Directions for this task:
Look at each line of the records and count those with "start" in them. Please answer with the count alone.

The data:

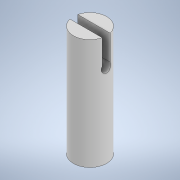
# Autodesk Inventor part: nockForCalli
Saved by Autodesk Inventor 2021.1 (Build 251245010, 245A)
## iProperties
Created: 2020-11-04
Part Number: nockForCalli
Material: Generic
Document SubType Name: Modeling
Designer: robst
Density: 1 g/cm^3
Appearance: Default
Author: robst
Autodesk Inventor part; units mm, degrees
ref_plane "XZ Plane" through (0, 0, 0) normal (0, 1, 0) x (-1, 0, 0)
ref_plane "XY Plane" through (0, 0, 0) normal (0, 0, 1) x (1, 0, 0)
sketch "Sketch2" plane through (0, 0, 0) normal (0, 0, 1) x (1, 0, 0)
  line L0 (0, 0) -> (5.334, 0) construction
  line L1 (5.334, 0) -> (5.334, 35.56) construction
  line L2 (5.334, 35.56) -> (0, 35.56) construction
  line L3 (0, 35.56) -> (0, 0) construction
  line L4 (4.064, 0) -> (4.064, 8.89)
  line L5 (4.064, 8.89) -> (1.7036, 22.2048)
  line L6 (0, 22.86) -> (0.9221, 22.86) construction
  line L7 (0, 8.89) -> (4.064, 8.89) construction
  line L8 (0, 22.86) -> (1.5875, 22.86)
  line L9 (4.064, 0) -> (5.334, 0)
  line L10 (0, 35.56) -> (0, 22.86)
  arc A0 (1.7036, 22.2048) -> (0.9221, 22.86) centre (0.9221, 22.0662) ccw
  line L11 (0, 35.56) -> (5.334, 35.56)
  line L12 (5.334, 35.56) -> (5.334, 0)
  dimension "d6" = 5.334
  dimension "d7" = 4.064
  dimension "d8" = 13.97
  dimension "d9" = 1.5875
  dimension "d10" = 8.89
  dimension "d14" = 0.7937
  dimension "d16" = 12.7
  constraints: 26 end point, 5 point on line, 3 collinear, 3 horizontal, 3 perpendicular, 2 parallel, 2 point on circle, 2 tangent, 1 centre point, 1 vertical
  measures "d6" distance between parallel lines of L1 L3
  measures "d7" distance between parallel lines of L4 L3
  measures "d8" distance between parallel lines of L7 L6
  measures "d9" distance from line of L8.end L3
  measures "d10" distance between parallel lines of L7 L0
  measures "d14" radius of A0
  measures "d16" distance of L2.end L6.start
revolve "Revolution2" add sketch "Sketch2" angle 360 about axis through (0, 35.56, 0) along (0, -1, 0)
ref_plane "Work Plane1" through (5.334, 17.78, 0) normal (1, 0, 0) x (0, 1, 0)
sketch "Sketch3" plane through (5.334, 17.78, 0) normal (1, 0, 0) x (0, 1, 0)
  arc A0 (9.7324, 1.27) -> (9.7324, -1.27) centre (8.89, 0) ccw
  line L0 (17.78, 5.334) -> (17.78, -5.334) construction
  line L1 (17.78, 0) -> (8.89, 0) construction
  line L2 (17.78, -1.27) -> (9.7324, -1.27)
  line L3 (17.78, 1.27) -> (9.7324, 1.27)
  line L4 (17.78, 1.27) -> (17.78, -1.27)
  point P0 (-17.78, 0)
  dimension "d18" = 3.048
  dimension "d19" = 8.89
  dimension "d21" = 1.27
  constraints: 8 end point, 2 point on circle, 2 symmetric about line, 1 centre point, 1 collinear, 1 horizontal, 1 midpoint, 1 perpendicular, 1 point on line
  measures "d18" diameter of A0
  measures "d19" distance of L1.start L1.end
  measures "d21" distance between parallel lines of L2 L1
extrude "Extrusion1" cut sketch "Sketch3" against normal through all
equation "\"d6\" = shaftRadius + nockWallThickness"
equation "\"d7\" = shaftRadius"
equation "\"d8\" = shaftAngledLength"
equation "\"d9\" = shaftTipRadius"
equation "\"d16\" = knockTotalLength"
equation "\"d18\" = nockStringDiameter"
equation "\"d19\" = nockDepthLengh"
equation "\"d21\" = 0.5 * nockEndWidth"
equation "\"shaftTipDiameter\" = 3.175"
equation "\"shaftDiameter\" = 8.128"
equation "\"shaftAngledLength\" = 13.97"
equation "\"nockTotalLength\" = 31.75"
equation "\"shaftTipRadius\" = 0.5 * shaftTipDiameter"
equation "\"shaftRadius\" = 0.5 * shaftDiameter"
equation "\"nockWallThickness\" = 1.27"
equation "\"knockTotalLength\" = 12.7"
equation "\"nockDepthLengh\" = 8.89"
equation "\"nockStringDiameter\" = 3.048"
equation "\"nockEndWidth\" = 2.54"
body "Solid2"

Answer box:
2